Electronic signatures are not considered official in Mexico, Cummins said.
“They want original, wet signatures. The most mundane business in the U.S. becomes an administrative stations of the cross here in Mexico,” said Cummins, a practicing Catholic.
Fortunately for Cummins, the proposed wind farm is in a desolate area of the state, near the oil-fired generators “that keep the beer cold in Cabo.” He only had two landowners to deal with, and none of the federal lands, social property, conservation areas and indigenous territory that other developers will face. Still, it took a team of six students working 24/7 for six weeks under their former professor to produce baseline studies, conduct interviews and draft the report.
“It would take anyone else six months,” said Cummins, who was facing an investor’s deadline. “And this was for 50,000 acres and two landowners.”
Legacy of Revolution
Sebastian Robinson, director general of Punto Focal, a surveying firm that specializes in setting real estate boundaries, says 51% of the country now consists of social property called ejidos, a result of the Mexican Revolution that dragged on from 1910 to 1940. When you discount the urban areas, he said, that percentage jumps into the 60s.
“The problem is, ownership has become muddled,” Robinson said.
Land ownership became an issue in the 1890s, when 20% of the country was owned by foreign interests and rich landowners.

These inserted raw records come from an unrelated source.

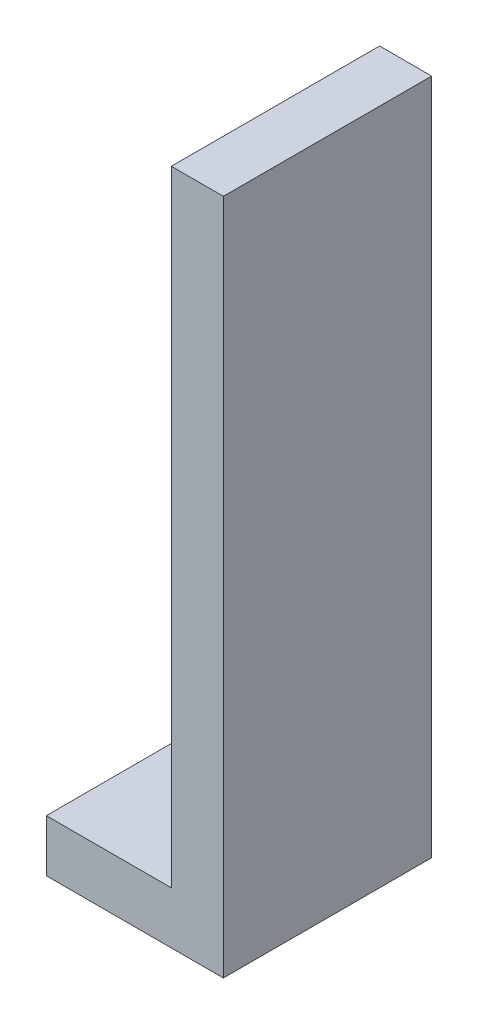
ISO-10303-21;
HEADER;
FILE_DESCRIPTION(('STEP AP214'),'2;1');
FILE_NAME('part.step','',(''),(''),'','','');
FILE_SCHEMA(('AUTOMOTIVE_DESIGN { 1 0 10303 214 1 1 1 1 }'));
ENDSEC;
DATA;
#1=APPLICATION_CONTEXT('core data for automotive mechanical design processes');
#2=APPLICATION_PROTOCOL_DEFINITION('international standard','automotive_design',2000,#1);
#3=PRODUCT_CONTEXT('',#1,'mechanical');
#4=PRODUCT('Part','Part','',(#3));
#5=PRODUCT_RELATED_PRODUCT_CATEGORY('part','',(#4));
#6=PRODUCT_DEFINITION_FORMATION('','',#4);
#7=PRODUCT_DEFINITION_CONTEXT('part definition',#1,'design');
#8=PRODUCT_DEFINITION('design','',#6,#7);
#9=PRODUCT_DEFINITION_SHAPE('','',#8);
#10=(LENGTH_UNIT() NAMED_UNIT(*) SI_UNIT(.MILLI.,.METRE.));
#11=(NAMED_UNIT(*) PLANE_ANGLE_UNIT() SI_UNIT($,.RADIAN.));
#12=(NAMED_UNIT(*) SI_UNIT($,.STERADIAN.) SOLID_ANGLE_UNIT());
#13=UNCERTAINTY_MEASURE_WITH_UNIT(LENGTH_MEASURE(1.E-05),#10,'distance_accuracy_value','');
#14=(GEOMETRIC_REPRESENTATION_CONTEXT(3) GLOBAL_UNCERTAINTY_ASSIGNED_CONTEXT((#13)) GLOBAL_UNIT_ASSIGNED_CONTEXT((#10,
#11,#12)) REPRESENTATION_CONTEXT('',''));
#15=CARTESIAN_POINT('',(0.,0.,0.));
#16=DIRECTION('',(0.,0.,1.));
#17=DIRECTION('',(1.,0.,0.));
#18=AXIS2_PLACEMENT_3D('',#15,#16,#17);
#19=CARTESIAN_POINT('',(0.,60.,20.));
#20=DIRECTION('',(0.,-1.,0.));
#21=DIRECTION('',(0.,0.,-1.));
#22=AXIS2_PLACEMENT_3D('',#19,#20,#21);
#23=PLANE('',#22);
#24=DIRECTION('',(-1.,0.,0.));
#25=VECTOR('',#24,1.);
#26=CARTESIAN_POINT('',(0.,60.,20.));
#27=LINE('',#26,#25);
#28=CARTESIAN_POINT('',(-5.,60.,20.));
#29=VERTEX_POINT('',#28);
#30=CARTESIAN_POINT('',(-10.,60.,20.));
#31=VERTEX_POINT('',#30);
#32=EDGE_CURVE('E55',#29,#31,#27,.T.);
#33=ORIENTED_EDGE('',*,*,#32,.F.);
#34=DIRECTION('',(0.,0.,-1.));
#35=VECTOR('',#34,1.);
#36=CARTESIAN_POINT('',(-5.,60.,20.));
#37=LINE('',#36,#35);
#38=CARTESIAN_POINT('',(-5.,60.,0.));
#39=VERTEX_POINT('',#38);
#40=EDGE_CURVE('E94',#29,#39,#37,.T.);
#41=ORIENTED_EDGE('',*,*,#40,.T.);
#42=DIRECTION('',(-1.,0.,0.));
#43=VECTOR('',#42,1.);
#44=CARTESIAN_POINT('',(0.,60.,0.));
#45=LINE('',#44,#43);
#46=CARTESIAN_POINT('',(-10.,60.,0.));
#47=VERTEX_POINT('',#46);
#48=EDGE_CURVE('E77',#39,#47,#45,.T.);
#49=ORIENTED_EDGE('',*,*,#48,.T.);
#50=DIRECTION('',(0.,0.,-1.));
#51=VECTOR('',#50,1.);
#52=CARTESIAN_POINT('',(-10.,60.,20.));
#53=LINE('',#52,#51);
#54=EDGE_CURVE('E121',#31,#47,#53,.T.);
#55=ORIENTED_EDGE('',*,*,#54,.F.);
#56=EDGE_LOOP('',(#33,#41,#49,#55));
#57=FACE_BOUND('',#56,.T.);
#58=ADVANCED_FACE('F33',(#57),#23,.F.);
#59=CARTESIAN_POINT('',(-5.,-5.,20.));
#60=DIRECTION('',(0.,1.,0.));
#61=DIRECTION('',(0.,0.,1.));
#62=AXIS2_PLACEMENT_3D('',#59,#60,#61);
#63=PLANE('',#62);
#64=CARTESIAN_POINT('',(-16.,-5.,10.));
#65=DIRECTION('',(0.,1.,0.));
#66=DIRECTION('',(0.,0.,1.));
#67=AXIS2_PLACEMENT_3D('',#64,#65,#66);
#68=CIRCLE('',#67,1.7);
#69=CARTESIAN_POINT('',(-16.,-5.,11.7));
#70=VERTEX_POINT('',#69);
#71=EDGE_CURVE('E133',#70,#70,#68,.F.);
#72=ORIENTED_EDGE('',*,*,#71,.F.);
#73=EDGE_LOOP('',(#72));
#74=FACE_BOUND('',#73,.T.);
#75=DIRECTION('',(1.,0.,0.));
#76=VECTOR('',#75,1.);
#77=CARTESIAN_POINT('',(-5.,-5.,0.));
#78=LINE('',#77,#76);
#79=CARTESIAN_POINT('',(-22.,-5.,0.));
#80=VERTEX_POINT('',#79);
#81=CARTESIAN_POINT('',(-5.,-5.,0.));
#82=VERTEX_POINT('',#81);
#83=EDGE_CURVE('E102',#80,#82,#78,.T.);
#84=ORIENTED_EDGE('',*,*,#83,.T.);
#85=DIRECTION('',(0.,0.,-1.));
#86=VECTOR('',#85,1.);
#87=CARTESIAN_POINT('',(-5.,-5.,20.));
#88=LINE('',#87,#86);
#89=CARTESIAN_POINT('',(-5.,-5.,20.));
#90=VERTEX_POINT('',#89);
#91=EDGE_CURVE('E47',#90,#82,#88,.T.);
#92=ORIENTED_EDGE('',*,*,#91,.F.);
#93=DIRECTION('',(1.,0.,0.));
#94=VECTOR('',#93,1.);
#95=CARTESIAN_POINT('',(-5.,-5.,20.));
#96=LINE('',#95,#94);
#97=CARTESIAN_POINT('',(-22.,-5.,20.));
#98=VERTEX_POINT('',#97);
#99=EDGE_CURVE('E40',#98,#90,#96,.T.);
#100=ORIENTED_EDGE('',*,*,#99,.F.);
#101=DIRECTION('',(0.,0.,-1.));
#102=VECTOR('',#101,1.);
#103=CARTESIAN_POINT('',(-22.,-5.,20.));
#104=LINE('',#103,#102);
#105=EDGE_CURVE('E117',#98,#80,#104,.T.);
#106=ORIENTED_EDGE('',*,*,#105,.T.);
#107=EDGE_LOOP('',(#84,#92,#100,#106));
#108=FACE_BOUND('',#107,.T.);
#109=ADVANCED_FACE('F99',(#74,#108),#63,.F.);
#110=CARTESIAN_POINT('',(0.,0.,20.));
#111=DIRECTION('',(0.,0.,1.));
#112=DIRECTION('',(1.,0.,0.));
#113=AXIS2_PLACEMENT_3D('',#110,#111,#112);
#114=PLANE('',#113);
#115=DIRECTION('',(0.,-1.,0.));
#116=VECTOR('',#115,1.);
#117=CARTESIAN_POINT('',(-5.,77.,20.));
#118=LINE('',#117,#116);
#119=EDGE_CURVE('E92',#29,#90,#118,.T.);
#120=ORIENTED_EDGE('',*,*,#119,.F.);
#121=ORIENTED_EDGE('',*,*,#32,.T.);
#122=DIRECTION('',(0.,1.,0.));
#123=VECTOR('',#122,1.);
#124=CARTESIAN_POINT('',(-10.,0.,20.));
#125=LINE('',#124,#123);
#126=CARTESIAN_POINT('',(-10.,0.,20.));
#127=VERTEX_POINT('',#126);
#128=EDGE_CURVE('E126',#127,#31,#125,.T.);
#129=ORIENTED_EDGE('',*,*,#128,.F.);
#130=DIRECTION('',(1.,0.,0.));
#131=VECTOR('',#130,1.);
#132=CARTESIAN_POINT('',(-10.,0.,20.));
#133=LINE('',#132,#131);
#134=CARTESIAN_POINT('',(-22.,0.,20.));
#135=VERTEX_POINT('',#134);
#136=EDGE_CURVE('E135',#135,#127,#133,.T.);
#137=ORIENTED_EDGE('',*,*,#136,.F.);
#138=DIRECTION('',(0.,1.,0.));
#139=VECTOR('',#138,1.);
#140=CARTESIAN_POINT('',(-22.,-5.,20.));
#141=LINE('',#140,#139);
#142=EDGE_CURVE('E108',#98,#135,#141,.T.);
#143=ORIENTED_EDGE('',*,*,#142,.F.);
#144=ORIENTED_EDGE('',*,*,#99,.T.);
#145=EDGE_LOOP('',(#120,#121,#129,#137,#143,#144));
#146=FACE_BOUND('',#145,.T.);
#147=ADVANCED_FACE('F105',(#146),#114,.T.);
#148=CARTESIAN_POINT('',(0.,0.,0.));
#149=DIRECTION('',(0.,0.,1.));
#150=DIRECTION('',(1.,0.,0.));
#151=AXIS2_PLACEMENT_3D('',#148,#149,#150);
#152=PLANE('',#151);
#153=ORIENTED_EDGE('',*,*,#48,.F.);
#154=DIRECTION('',(0.,-1.,0.));
#155=VECTOR('',#154,1.);
#156=CARTESIAN_POINT('',(-5.,0.,0.));
#157=LINE('',#156,#155);
#158=EDGE_CURVE('E11',#39,#82,#157,.T.);
#159=ORIENTED_EDGE('',*,*,#158,.T.);
#160=ORIENTED_EDGE('',*,*,#83,.F.);
#161=DIRECTION('',(0.,1.,0.));
#162=VECTOR('',#161,1.);
#163=CARTESIAN_POINT('',(-22.,-5.,0.));
#164=LINE('',#163,#162);
#165=CARTESIAN_POINT('',(-22.,0.,0.));
#166=VERTEX_POINT('',#165);
#167=EDGE_CURVE('E123',#80,#166,#164,.T.);
#168=ORIENTED_EDGE('',*,*,#167,.T.);
#169=DIRECTION('',(1.,0.,0.));
#170=VECTOR('',#169,1.);
#171=CARTESIAN_POINT('',(-10.,0.,0.));
#172=LINE('',#171,#170);
#173=CARTESIAN_POINT('',(-10.,0.,0.));
#174=VERTEX_POINT('',#173);
#175=EDGE_CURVE('E127',#166,#174,#172,.T.);
#176=ORIENTED_EDGE('',*,*,#175,.T.);
#177=DIRECTION('',(0.,1.,0.));
#178=VECTOR('',#177,1.);
#179=CARTESIAN_POINT('',(-10.,0.,0.));
#180=LINE('',#179,#178);
#181=EDGE_CURVE('E130',#174,#47,#180,.T.);
#182=ORIENTED_EDGE('',*,*,#181,.T.);
#183=EDGE_LOOP('',(#153,#159,#160,#168,#176,#182));
#184=FACE_BOUND('',#183,.T.);
#185=ADVANCED_FACE('F144',(#184),#152,.F.);
#186=CARTESIAN_POINT('',(-10.,0.,20.));
#187=DIRECTION('',(-1.,0.,0.));
#188=DIRECTION('',(0.,0.,1.));
#189=AXIS2_PLACEMENT_3D('',#186,#187,#188);
#190=PLANE('',#189);
#191=ORIENTED_EDGE('',*,*,#181,.F.);
#192=DIRECTION('',(0.,0.,-1.));
#193=VECTOR('',#192,1.);
#194=CARTESIAN_POINT('',(-10.,0.,20.));
#195=LINE('',#194,#193);
#196=EDGE_CURVE('E84',#127,#174,#195,.T.);
#197=ORIENTED_EDGE('',*,*,#196,.F.);
#198=ORIENTED_EDGE('',*,*,#128,.T.);
#199=ORIENTED_EDGE('',*,*,#54,.T.);
#200=EDGE_LOOP('',(#191,#197,#198,#199));
#201=FACE_BOUND('',#200,.T.);
#202=ADVANCED_FACE('F145',(#201),#190,.T.);
#203=CARTESIAN_POINT('',(-10.,0.,20.));
#204=DIRECTION('',(0.,1.,0.));
#205=DIRECTION('',(0.,0.,1.));
#206=AXIS2_PLACEMENT_3D('',#203,#204,#205);
#207=PLANE('',#206);
#208=CARTESIAN_POINT('',(-16.,0.,10.));
#209=DIRECTION('',(0.,-1.,0.));
#210=DIRECTION('',(0.,0.,1.));
#211=AXIS2_PLACEMENT_3D('',#208,#209,#210);
#212=CIRCLE('',#211,1.7);
#213=CARTESIAN_POINT('',(-16.,0.,11.7));
#214=VERTEX_POINT('',#213);
#215=EDGE_CURVE('E140',#214,#214,#212,.T.);
#216=ORIENTED_EDGE('',*,*,#215,.T.);
#217=EDGE_LOOP('',(#216));
#218=FACE_BOUND('',#217,.T.);
#219=ORIENTED_EDGE('',*,*,#175,.F.);
#220=DIRECTION('',(0.,0.,-1.));
#221=VECTOR('',#220,1.);
#222=CARTESIAN_POINT('',(-22.,0.,20.));
#223=LINE('',#222,#221);
#224=EDGE_CURVE('E113',#135,#166,#223,.T.);
#225=ORIENTED_EDGE('',*,*,#224,.F.);
#226=ORIENTED_EDGE('',*,*,#136,.T.);
#227=ORIENTED_EDGE('',*,*,#196,.T.);
#228=EDGE_LOOP('',(#219,#225,#226,#227));
#229=FACE_BOUND('',#228,.T.);
#230=ADVANCED_FACE('F146',(#218,#229),#207,.T.);
#231=CARTESIAN_POINT('',(-22.,-5.,20.));
#232=DIRECTION('',(-1.,0.,0.));
#233=DIRECTION('',(0.,0.,1.));
#234=AXIS2_PLACEMENT_3D('',#231,#232,#233);
#235=PLANE('',#234);
#236=ORIENTED_EDGE('',*,*,#167,.F.);
#237=ORIENTED_EDGE('',*,*,#105,.F.);
#238=ORIENTED_EDGE('',*,*,#142,.T.);
#239=ORIENTED_EDGE('',*,*,#224,.T.);
#240=EDGE_LOOP('',(#236,#237,#238,#239));
#241=FACE_BOUND('',#240,.T.);
#242=ADVANCED_FACE('F149',(#241),#235,.T.);
#243=CARTESIAN_POINT('',(-16.,-20.,10.));
#244=DIRECTION('',(0.,1.,0.));
#245=DIRECTION('',(0.,0.,1.));
#246=AXIS2_PLACEMENT_3D('',#243,#244,#245);
#247=CYLINDRICAL_SURFACE('',#246,1.7);
#248=ORIENTED_EDGE('',*,*,#215,.F.);
#249=EDGE_LOOP('',(#248));
#250=FACE_BOUND('',#249,.T.);
#251=ORIENTED_EDGE('',*,*,#71,.T.);
#252=EDGE_LOOP('',(#251));
#253=FACE_BOUND('',#252,.T.);
#254=ADVANCED_FACE('F151',(#250,#253),#247,.F.);
#255=CARTESIAN_POINT('',(-5.,77.,20.));
#256=DIRECTION('',(-1.,0.,0.));
#257=DIRECTION('',(0.,0.,1.));
#258=AXIS2_PLACEMENT_3D('',#255,#256,#257);
#259=PLANE('',#258);
#260=ORIENTED_EDGE('',*,*,#119,.T.);
#261=ORIENTED_EDGE('',*,*,#91,.T.);
#262=ORIENTED_EDGE('',*,*,#158,.F.);
#263=ORIENTED_EDGE('',*,*,#40,.F.);
#264=EDGE_LOOP('',(#260,#261,#262,#263));
#265=FACE_BOUND('',#264,.T.);
#266=ADVANCED_FACE('F93',(#265),#259,.F.);
#267=CLOSED_SHELL('',(#58,#109,#147,#185,#202,#230,#242,#254,#266));
#268=MANIFOLD_SOLID_BREP('B2',#267);
#269=ADVANCED_BREP_SHAPE_REPRESENTATION('',(#18,#268),#14);
#270=SHAPE_DEFINITION_REPRESENTATION(#9,#269);
ENDSEC;
END-ISO-10303-21;

By 1910, half the country’s rural population worked on huge estates essentially as slaves, and the pent-up frustration was one of the primary causes of the revolution.
It wasn’t until socialist Lazaro Cardenas was elected president in 1934 that much of the ensuing violence subsided. Cardenas instituted the practice of ejidos, in which peasants within a community were given sub-parcels of former estates or national land — some as large as 120,000 acres — but the land was not necessarily registered, Robinson said. President Carlos Salinas eventually ended the practice in 1992.
Many of the ejidos’ original owners have long since died without transferring the titles, or they have moved into the cities to escape rural poverty. “With maybe 90% of the ejidos, there’s no chain of title,” Robinson said.
And while the government maintains a public registry of social land, Robinson said there’s no legal inventory of land ownership. The problem is magnified by the lack of accurate surveys.
Robinson and Cummins bring all this up in pointing to the potential difficulties facing the first two competitive transmission projects currently out for bids by Mexico’s state-run utility, the Federal Electricity Commission (CFE). Mexico’s energy reform of 2014 opened up the transmission system to private contractors, partly because CFE keeps its retail rates artificially low for political purposes, and it can afford to do little more than keep the lights on, Cummins said.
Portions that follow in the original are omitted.